::: Data for this task

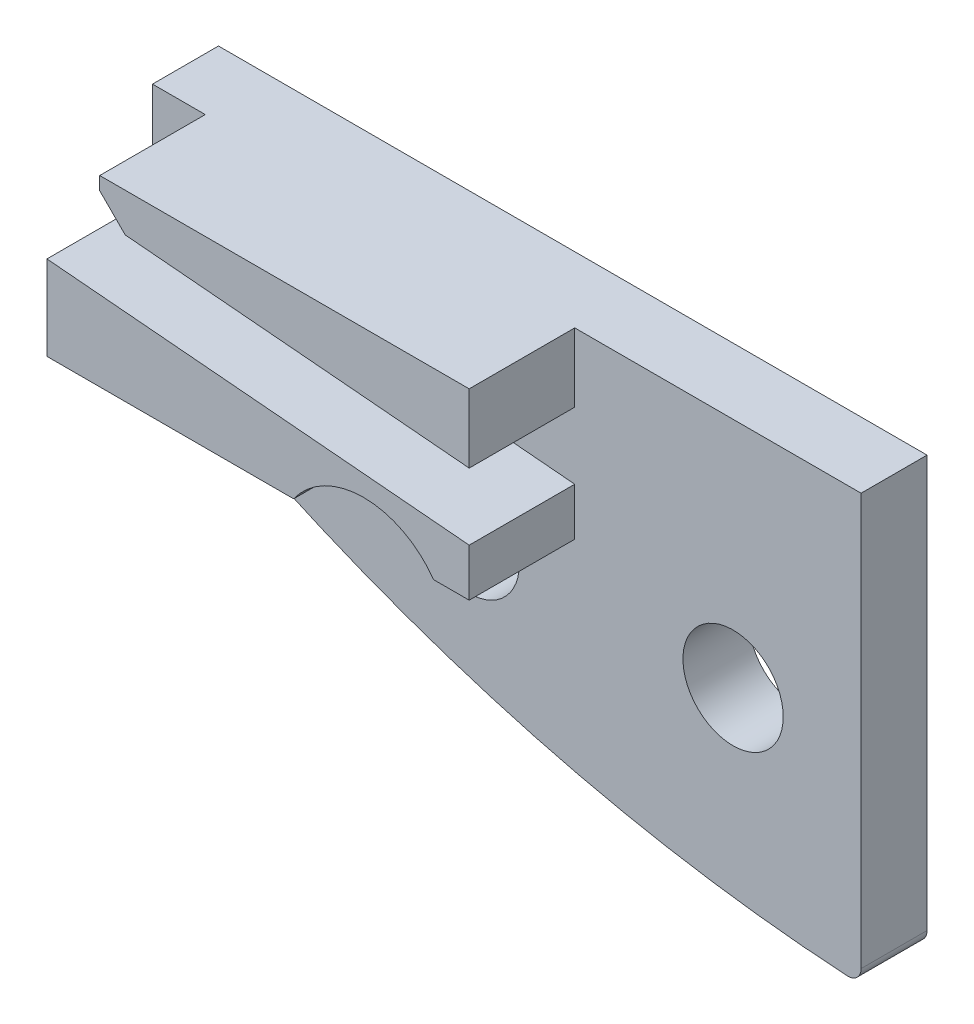
ISO-10303-21;
HEADER;
FILE_DESCRIPTION(('STEP AP214'),'2;1');
FILE_NAME('part.step','',(''),(''),'','','');
FILE_SCHEMA(('AUTOMOTIVE_DESIGN { 1 0 10303 214 1 1 1 1 }'));
ENDSEC;
DATA;
#1=APPLICATION_CONTEXT('core data for automotive mechanical design processes');
#2=APPLICATION_PROTOCOL_DEFINITION('international standard','automotive_design',2000,#1);
#3=PRODUCT_CONTEXT('',#1,'mechanical');
#4=PRODUCT('Part','Part','',(#3));
#5=PRODUCT_RELATED_PRODUCT_CATEGORY('part','',(#4));
#6=PRODUCT_DEFINITION_FORMATION('','',#4);
#7=PRODUCT_DEFINITION_CONTEXT('part definition',#1,'design');
#8=PRODUCT_DEFINITION('design','',#6,#7);
#9=PRODUCT_DEFINITION_SHAPE('','',#8);
#10=(LENGTH_UNIT() NAMED_UNIT(*) SI_UNIT(.MILLI.,.METRE.));
#11=(NAMED_UNIT(*) PLANE_ANGLE_UNIT() SI_UNIT($,.RADIAN.));
#12=(NAMED_UNIT(*) SI_UNIT($,.STERADIAN.) SOLID_ANGLE_UNIT());
#13=UNCERTAINTY_MEASURE_WITH_UNIT(LENGTH_MEASURE(1.E-05),#10,'distance_accuracy_value','');
#14=(GEOMETRIC_REPRESENTATION_CONTEXT(3) GLOBAL_UNCERTAINTY_ASSIGNED_CONTEXT((#13)) GLOBAL_UNIT_ASSIGNED_CONTEXT((#10,
#11,#12)) REPRESENTATION_CONTEXT('',''));
#15=CARTESIAN_POINT('',(0.,0.,0.));
#16=DIRECTION('',(0.,0.,1.));
#17=DIRECTION('',(1.,0.,0.));
#18=AXIS2_PLACEMENT_3D('',#15,#16,#17);
#19=CARTESIAN_POINT('',(-38.1,11.7820282764121,8.255));
#20=DIRECTION('',(0.,1.,0.));
#21=DIRECTION('',(0.,0.,1.));
#22=AXIS2_PLACEMENT_3D('',#19,#20,#21);
#23=PLANE('',#22);
#24=DIRECTION('',(1.,0.,0.));
#25=VECTOR('',#24,1.);
#26=CARTESIAN_POINT('',(-38.1,11.7820282764121,3.175));
#27=LINE('',#26,#25);
#28=CARTESIAN_POINT('',(-38.1,11.7820282764121,3.175));
#29=VERTEX_POINT('',#28);
#30=CARTESIAN_POINT('',(-26.2293716665378,11.7820282764121,3.175));
#31=VERTEX_POINT('',#30);
#32=EDGE_CURVE('E186',#29,#31,#27,.T.);
#33=ORIENTED_EDGE('',*,*,#32,.T.);
#34=DIRECTION('',(0.,0.,1.));
#35=VECTOR('',#34,1.);
#36=CARTESIAN_POINT('',(-26.2293716665378,11.7820282764121,3.175));
#37=LINE('',#36,#35);
#38=CARTESIAN_POINT('',(-26.2293716665378,11.7820282764121,8.255));
#39=VERTEX_POINT('',#38);
#40=EDGE_CURVE('E152',#31,#39,#37,.T.);
#41=ORIENTED_EDGE('',*,*,#40,.T.);
#42=DIRECTION('',(1.,0.,0.));
#43=VECTOR('',#42,1.);
#44=CARTESIAN_POINT('',(-38.1,11.7820282764121,8.255));
#45=LINE('',#44,#43);
#46=CARTESIAN_POINT('',(-38.1,11.7820282764121,8.255));
#47=VERTEX_POINT('',#46);
#48=EDGE_CURVE('E303',#47,#39,#45,.T.);
#49=ORIENTED_EDGE('',*,*,#48,.F.);
#50=DIRECTION('',(0.,0.,-1.));
#51=VECTOR('',#50,1.);
#52=CARTESIAN_POINT('',(-38.1,11.7820282764121,8.255));
#53=LINE('',#52,#51);
#54=EDGE_CURVE('E193',#47,#29,#53,.T.);
#55=ORIENTED_EDGE('',*,*,#54,.T.);
#56=EDGE_LOOP('',(#33,#41,#49,#55));
#57=FACE_BOUND('',#56,.T.);
#58=ADVANCED_FACE('F32',(#57),#23,.F.);
#59=CARTESIAN_POINT('',(0.,76.2,3.175));
#60=DIRECTION('',(0.,0.,-1.));
#61=DIRECTION('',(-1.,0.,0.));
#62=AXIS2_PLACEMENT_3D('',#59,#60,#61);
#63=PLANE('',#62);
#64=CARTESIAN_POINT('',(-10.16,9.398,3.175));
#65=DIRECTION('',(0.,0.,1.));
#66=DIRECTION('',(1.,0.,0.));
#67=AXIS2_PLACEMENT_3D('',#64,#65,#66);
#68=CIRCLE('',#67,2.413);
#69=CARTESIAN_POINT('',(-7.747,9.398,3.175));
#70=VERTEX_POINT('',#69);
#71=EDGE_CURVE('E218',#70,#70,#68,.T.);
#72=ORIENTED_EDGE('',*,*,#71,.F.);
#73=EDGE_LOOP('',(#72));
#74=FACE_BOUND('',#73,.T.);
#75=CARTESIAN_POINT('',(-19.4906283334622,11.7820282764121,3.175));
#76=VERTEX_POINT('',#75);
#77=CARTESIAN_POINT('',(-17.78,11.7820282764121,3.175));
#78=VERTEX_POINT('',#77);
#79=EDGE_CURVE('E161',#76,#78,#27,.T.);
#80=ORIENTED_EDGE('',*,*,#79,.F.);
#81=CARTESIAN_POINT('',(-22.86,9.398,3.175));
#82=DIRECTION('',(0.,0.,1.));
#83=DIRECTION('',(1.,0.,0.));
#84=AXIS2_PLACEMENT_3D('',#81,#82,#83);
#85=CIRCLE('',#84,4.1275);
#86=EDGE_CURVE('E149',#76,#31,#85,.T.);
#87=ORIENTED_EDGE('',*,*,#86,.T.);
#88=ORIENTED_EDGE('',*,*,#32,.F.);
#89=DIRECTION('',(0.,-1.,0.));
#90=VECTOR('',#89,1.);
#91=CARTESIAN_POINT('',(-38.1,20.591373254799,3.175));
#92=LINE('',#91,#90);
#93=CARTESIAN_POINT('',(-38.1,10.5765057315598,3.175));
#94=VERTEX_POINT('',#93);
#95=EDGE_CURVE('E190',#29,#94,#92,.T.);
#96=ORIENTED_EDGE('',*,*,#95,.T.);
#97=CARTESIAN_POINT('',(-37.465,10.5765057315598,3.175));
#98=DIRECTION('',(0.,0.,-1.));
#99=DIRECTION('',(-1.,0.,0.));
#100=AXIS2_PLACEMENT_3D('',#97,#98,#99);
#101=CIRCLE('',#100,0.635);
#102=CARTESIAN_POINT('',(-37.7798319327731,10.0250477965309,3.175));
#103=VERTEX_POINT('',#102);
#104=EDGE_CURVE('E40',#94,#103,#101,.F.);
#105=ORIENTED_EDGE('',*,*,#104,.T.);
#106=CARTESIAN_POINT('',(0.,76.2,3.175));
#107=DIRECTION('',(0.,0.,1.));
#108=DIRECTION('',(-1.,0.,0.));
#109=AXIS2_PLACEMENT_3D('',#106,#107,#108);
#110=CIRCLE('',#109,76.2);
#111=CARTESIAN_POINT('',(-4.67394957983193,0.143480257605869,3.175));
#112=VERTEX_POINT('',#111);
#113=EDGE_CURVE('E224',#103,#112,#110,.T.);
#114=ORIENTED_EDGE('',*,*,#113,.T.);
#115=CARTESIAN_POINT('',(-4.635,0.77728458879249,3.175));
#116=DIRECTION('',(0.,0.,-1.));
#117=DIRECTION('',(-1.,0.,0.));
#118=AXIS2_PLACEMENT_3D('',#115,#116,#117);
#119=CIRCLE('',#118,0.635);
#120=CARTESIAN_POINT('',(-4.,0.77728458879249,3.175));
#121=VERTEX_POINT('',#120);
#122=EDGE_CURVE('E55',#112,#121,#119,.F.);
#123=ORIENTED_EDGE('',*,*,#122,.T.);
#124=DIRECTION('',(0.,-1.,0.));
#125=VECTOR('',#124,1.);
#126=CARTESIAN_POINT('',(-4.,24.7848492803447,3.175));
#127=LINE('',#126,#125);
#128=CARTESIAN_POINT('',(-4.,20.591373254799,3.175));
#129=VERTEX_POINT('',#128);
#130=EDGE_CURVE('E385',#129,#121,#127,.T.);
#131=ORIENTED_EDGE('',*,*,#130,.F.);
#132=DIRECTION('',(-1.,0.,0.));
#133=VECTOR('',#132,1.);
#134=CARTESIAN_POINT('',(0.,20.591373254799,3.175));
#135=LINE('',#134,#133);
#136=CARTESIAN_POINT('',(-17.78,20.591373254799,3.175));
#137=VERTEX_POINT('',#136);
#138=EDGE_CURVE('E228',#129,#137,#135,.T.);
#139=ORIENTED_EDGE('',*,*,#138,.T.);
#140=DIRECTION('',(0.,1.,0.));
#141=VECTOR('',#140,1.);
#142=CARTESIAN_POINT('',(-17.78,20.591373254799,3.175));
#143=LINE('',#142,#141);
#144=CARTESIAN_POINT('',(-17.78,17.2866637367694,3.175));
#145=VERTEX_POINT('',#144);
#146=EDGE_CURVE('E289',#145,#137,#143,.T.);
#147=ORIENTED_EDGE('',*,*,#146,.F.);
#148=DIRECTION('',(0.996227084748133,-0.0867847660262814,0.));
#149=VECTOR('',#148,1.);
#150=CARTESIAN_POINT('',(-17.78,17.2866637367694,3.175));
#151=LINE('',#150,#149);
#152=CARTESIAN_POINT('',(-34.3322104334303,18.7285836882293,3.175));
#153=VERTEX_POINT('',#152);
#154=EDGE_CURVE('E393',#153,#145,#151,.T.);
#155=ORIENTED_EDGE('',*,*,#154,.F.);
#156=DIRECTION('',(0.70710678118655,-0.707106781186546,0.));
#157=VECTOR('',#156,1.);
#158=CARTESIAN_POINT('',(-34.3322104334303,18.7285836882293,3.175));
#159=LINE('',#158,#157);
#160=CARTESIAN_POINT('',(-35.56,19.956373254799,3.175));
#161=VERTEX_POINT('',#160);
#162=EDGE_CURVE('E285',#161,#153,#159,.T.);
#163=ORIENTED_EDGE('',*,*,#162,.F.);
#164=DIRECTION('',(0.,-1.,0.));
#165=VECTOR('',#164,1.);
#166=CARTESIAN_POINT('',(-35.56,19.956373254799,3.175));
#167=LINE('',#166,#165);
#168=CARTESIAN_POINT('',(-35.56,20.591373254799,3.175));
#169=VERTEX_POINT('',#168);
#170=EDGE_CURVE('E283',#169,#161,#167,.T.);
#171=ORIENTED_EDGE('',*,*,#170,.F.);
#172=CARTESIAN_POINT('',(-38.1,20.591373254799,3.175));
#173=VERTEX_POINT('',#172);
#174=EDGE_CURVE('E226',#169,#173,#135,.T.);
#175=ORIENTED_EDGE('',*,*,#174,.T.);
#176=CARTESIAN_POINT('',(-38.1,15.8460282764121,3.175));
#177=VERTEX_POINT('',#176);
#178=EDGE_CURVE('E177',#173,#177,#92,.T.);
#179=ORIENTED_EDGE('',*,*,#178,.T.);
#180=DIRECTION('',(-0.996227084748133,0.0867847660262814,0.));
#181=VECTOR('',#180,1.);
#182=CARTESIAN_POINT('',(-38.1,15.8460282764121,3.175));
#183=LINE('',#182,#181);
#184=CARTESIAN_POINT('',(-17.78,14.0758832234899,3.175));
#185=VERTEX_POINT('',#184);
#186=EDGE_CURVE('E200',#185,#177,#183,.T.);
#187=ORIENTED_EDGE('',*,*,#186,.F.);
#188=DIRECTION('',(0.,1.,0.));
#189=VECTOR('',#188,1.);
#190=CARTESIAN_POINT('',(-17.78,11.7820282764121,3.175));
#191=LINE('',#190,#189);
#192=EDGE_CURVE('E168',#78,#185,#191,.T.);
#193=ORIENTED_EDGE('',*,*,#192,.F.);
#194=EDGE_LOOP('',(#80,#87,#88,#96,#105,#114,#123,#131,#139,#147,#155,#163,#171,#175,#179,#187,#193));
#195=FACE_BOUND('',#194,.T.);
#196=CARTESIAN_POINT('',(-22.86,9.398,3.175));
#197=DIRECTION('',(0.,0.,1.));
#198=DIRECTION('',(1.,0.,0.));
#199=AXIS2_PLACEMENT_3D('',#196,#197,#198);
#200=CIRCLE('',#199,2.413);
#201=CARTESIAN_POINT('',(-20.447,9.398,3.175));
#202=VERTEX_POINT('',#201);
#203=EDGE_CURVE('E212',#202,#202,#200,.T.);
#204=ORIENTED_EDGE('',*,*,#203,.F.);
#205=EDGE_LOOP('',(#204));
#206=FACE_BOUND('',#205,.T.);
#207=ADVANCED_FACE('F165',(#74,#195,#206),#63,.F.);
#208=CARTESIAN_POINT('',(0.,76.2,0.));
#209=DIRECTION('',(0.,0.,-1.));
#210=DIRECTION('',(-1.,0.,0.));
#211=AXIS2_PLACEMENT_3D('',#208,#209,#210);
#212=PLANE('',#211);
#213=CARTESIAN_POINT('',(0.,76.2,0.));
#214=DIRECTION('',(0.,0.,1.));
#215=DIRECTION('',(-1.,0.,0.));
#216=AXIS2_PLACEMENT_3D('',#213,#214,#215);
#217=CIRCLE('',#216,76.2);
#218=CARTESIAN_POINT('',(-37.7798319327731,10.0250477965309,0.));
#219=VERTEX_POINT('',#218);
#220=CARTESIAN_POINT('',(-4.67394957983193,0.143480257605869,0.));
#221=VERTEX_POINT('',#220);
#222=EDGE_CURVE('E221',#219,#221,#217,.T.);
#223=ORIENTED_EDGE('',*,*,#222,.F.);
#224=CARTESIAN_POINT('',(-37.465,10.5765057315598,0.));
#225=DIRECTION('',(0.,0.,-1.));
#226=DIRECTION('',(-1.,0.,0.));
#227=AXIS2_PLACEMENT_3D('',#224,#225,#226);
#228=CIRCLE('',#227,0.635);
#229=CARTESIAN_POINT('',(-38.1,10.5765057315598,0.));
#230=VERTEX_POINT('',#229);
#231=EDGE_CURVE('E258',#219,#230,#228,.T.);
#232=ORIENTED_EDGE('',*,*,#231,.T.);
#233=DIRECTION('',(0.,-1.,0.));
#234=VECTOR('',#233,1.);
#235=CARTESIAN_POINT('',(-38.1,20.591373254799,0.));
#236=LINE('',#235,#234);
#237=CARTESIAN_POINT('',(-38.1,20.591373254799,0.));
#238=VERTEX_POINT('',#237);
#239=EDGE_CURVE('E227',#238,#230,#236,.T.);
#240=ORIENTED_EDGE('',*,*,#239,.F.);
#241=DIRECTION('',(-1.,0.,0.));
#242=VECTOR('',#241,1.);
#243=CARTESIAN_POINT('',(0.,20.591373254799,0.));
#244=LINE('',#243,#242);
#245=CARTESIAN_POINT('',(-4.,20.591373254799,0.));
#246=VERTEX_POINT('',#245);
#247=EDGE_CURVE('E235',#246,#238,#244,.T.);
#248=ORIENTED_EDGE('',*,*,#247,.F.);
#249=DIRECTION('',(0.,1.,0.));
#250=VECTOR('',#249,1.);
#251=CARTESIAN_POINT('',(-4.00000000000001,76.2,0.));
#252=LINE('',#251,#250);
#253=CARTESIAN_POINT('',(-4.,0.77728458879249,0.));
#254=VERTEX_POINT('',#253);
#255=EDGE_CURVE('E387',#254,#246,#252,.T.);
#256=ORIENTED_EDGE('',*,*,#255,.F.);
#257=CARTESIAN_POINT('',(-4.635,0.77728458879249,0.));
#258=DIRECTION('',(0.,0.,-1.));
#259=DIRECTION('',(-1.,0.,0.));
#260=AXIS2_PLACEMENT_3D('',#257,#258,#259);
#261=CIRCLE('',#260,0.635);
#262=EDGE_CURVE('E253',#254,#221,#261,.T.);
#263=ORIENTED_EDGE('',*,*,#262,.T.);
#264=EDGE_LOOP('',(#223,#232,#240,#248,#256,#263));
#265=FACE_BOUND('',#264,.T.);
#266=CARTESIAN_POINT('',(-10.16,9.398,0.));
#267=DIRECTION('',(0.,0.,1.));
#268=DIRECTION('',(1.,0.,0.));
#269=AXIS2_PLACEMENT_3D('',#266,#267,#268);
#270=CIRCLE('',#269,2.413);
#271=CARTESIAN_POINT('',(-7.747,9.398,0.));
#272=VERTEX_POINT('',#271);
#273=EDGE_CURVE('E215',#272,#272,#270,.T.);
#274=ORIENTED_EDGE('',*,*,#273,.T.);
#275=EDGE_LOOP('',(#274));
#276=FACE_BOUND('',#275,.T.);
#277=CARTESIAN_POINT('',(-22.86,9.398,0.));
#278=DIRECTION('',(0.,0.,1.));
#279=DIRECTION('',(1.,0.,0.));
#280=AXIS2_PLACEMENT_3D('',#277,#278,#279);
#281=CIRCLE('',#280,2.413);
#282=CARTESIAN_POINT('',(-20.447,9.398,0.));
#283=VERTEX_POINT('',#282);
#284=EDGE_CURVE('E196',#283,#283,#281,.T.);
#285=ORIENTED_EDGE('',*,*,#284,.T.);
#286=EDGE_LOOP('',(#285));
#287=FACE_BOUND('',#286,.T.);
#288=ADVANCED_FACE('F269',(#265,#276,#287),#212,.T.);
#289=CARTESIAN_POINT('',(0.,76.2,3.175));
#290=DIRECTION('',(0.,0.,-1.));
#291=DIRECTION('',(-1.,0.,0.));
#292=AXIS2_PLACEMENT_3D('',#289,#290,#291);
#293=CYLINDRICAL_SURFACE('',#292,76.2);
#294=ORIENTED_EDGE('',*,*,#113,.F.);
#295=DIRECTION('',(0.,0.,-1.));
#296=VECTOR('',#295,1.);
#297=CARTESIAN_POINT('',(-37.7798319327731,10.0250477965309,3.175));
#298=LINE('',#297,#296);
#299=EDGE_CURVE('E248',#103,#219,#298,.T.);
#300=ORIENTED_EDGE('',*,*,#299,.T.);
#301=ORIENTED_EDGE('',*,*,#222,.T.);
#302=DIRECTION('',(0.,0.,-1.));
#303=VECTOR('',#302,1.);
#304=CARTESIAN_POINT('',(-4.67394957983193,0.143480257605882,3.175));
#305=LINE('',#304,#303);
#306=EDGE_CURVE('E174',#221,#112,#305,.F.);
#307=ORIENTED_EDGE('',*,*,#306,.T.);
#308=EDGE_LOOP('',(#294,#300,#301,#307));
#309=FACE_BOUND('',#308,.T.);
#310=ADVANCED_FACE('F246',(#309),#293,.T.);
#311=CARTESIAN_POINT('',(0.,20.591373254799,3.175));
#312=DIRECTION('',(0.,-1.,0.));
#313=DIRECTION('',(1.,0.,0.));
#314=AXIS2_PLACEMENT_3D('',#311,#312,#313);
#315=PLANE('',#314);
#316=ORIENTED_EDGE('',*,*,#138,.F.);
#317=DIRECTION('',(0.,0.,-1.));
#318=VECTOR('',#317,1.);
#319=CARTESIAN_POINT('',(-4.,20.591373254799,3.175));
#320=LINE('',#319,#318);
#321=EDGE_CURVE('E170',#129,#246,#320,.T.);
#322=ORIENTED_EDGE('',*,*,#321,.T.);
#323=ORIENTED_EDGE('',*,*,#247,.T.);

::::::

_Task statement_. Above is a listing; print exactly its lines from the one with "#59=CARTESIAN_POINT('',(0.,76.2,3.175));" through the one with "#110=CIRCLE('',#109,76.2);", and no other lines.

_Reply to the exercise_.
#59=CARTESIAN_POINT('',(0.,76.2,3.175));
#60=DIRECTION('',(0.,0.,-1.));
#61=DIRECTION('',(-1.,0.,0.));
#62=AXIS2_PLACEMENT_3D('',#59,#60,#61);
#63=PLANE('',#62);
#64=CARTESIAN_POINT('',(-10.16,9.398,3.175));
#65=DIRECTION('',(0.,0.,1.));
#66=DIRECTION('',(1.,0.,0.));
#67=AXIS2_PLACEMENT_3D('',#64,#65,#66);
#68=CIRCLE('',#67,2.413);
#69=CARTESIAN_POINT('',(-7.747,9.398,3.175));
#70=VERTEX_POINT('',#69);
#71=EDGE_CURVE('E218',#70,#70,#68,.T.);
#72=ORIENTED_EDGE('',*,*,#71,.F.);
#73=EDGE_LOOP('',(#72));
#74=FACE_BOUND('',#73,.T.);
#75=CARTESIAN_POINT('',(-19.4906283334622,11.7820282764121,3.175));
#76=VERTEX_POINT('',#75);
#77=CARTESIAN_POINT('',(-17.78,11.7820282764121,3.175));
#78=VERTEX_POINT('',#77);
#79=EDGE_CURVE('E161',#76,#78,#27,.T.);
#80=ORIENTED_EDGE('',*,*,#79,.F.);
#81=CARTESIAN_POINT('',(-22.86,9.398,3.175));
#82=DIRECTION('',(0.,0.,1.));
#83=DIRECTION('',(1.,0.,0.));
#84=AXIS2_PLACEMENT_3D('',#81,#82,#83);
#85=CIRCLE('',#84,4.1275);
#86=EDGE_CURVE('E149',#76,#31,#85,.T.);
#87=ORIENTED_EDGE('',*,*,#86,.T.);
#88=ORIENTED_EDGE('',*,*,#32,.F.);
#89=DIRECTION('',(0.,-1.,0.));
#90=VECTOR('',#89,1.);
#91=CARTESIAN_POINT('',(-38.1,20.591373254799,3.175));
#92=LINE('',#91,#90);
#93=CARTESIAN_POINT('',(-38.1,10.5765057315598,3.175));
#94=VERTEX_POINT('',#93);
#95=EDGE_CURVE('E190',#29,#94,#92,.T.);
#96=ORIENTED_EDGE('',*,*,#95,.T.);
#97=CARTESIAN_POINT('',(-37.465,10.5765057315598,3.175));
#98=DIRECTION('',(0.,0.,-1.));
#99=DIRECTION('',(-1.,0.,0.));
#100=AXIS2_PLACEMENT_3D('',#97,#98,#99);
#101=CIRCLE('',#100,0.635);
#102=CARTESIAN_POINT('',(-37.7798319327731,10.0250477965309,3.175));
#103=VERTEX_POINT('',#102);
#104=EDGE_CURVE('E40',#94,#103,#101,.F.);
#105=ORIENTED_EDGE('',*,*,#104,.T.);
#106=CARTESIAN_POINT('',(0.,76.2,3.175));
#107=DIRECTION('',(0.,0.,1.));
#108=DIRECTION('',(-1.,0.,0.));
#109=AXIS2_PLACEMENT_3D('',#106,#107,#108);
#110=CIRCLE('',#109,76.2);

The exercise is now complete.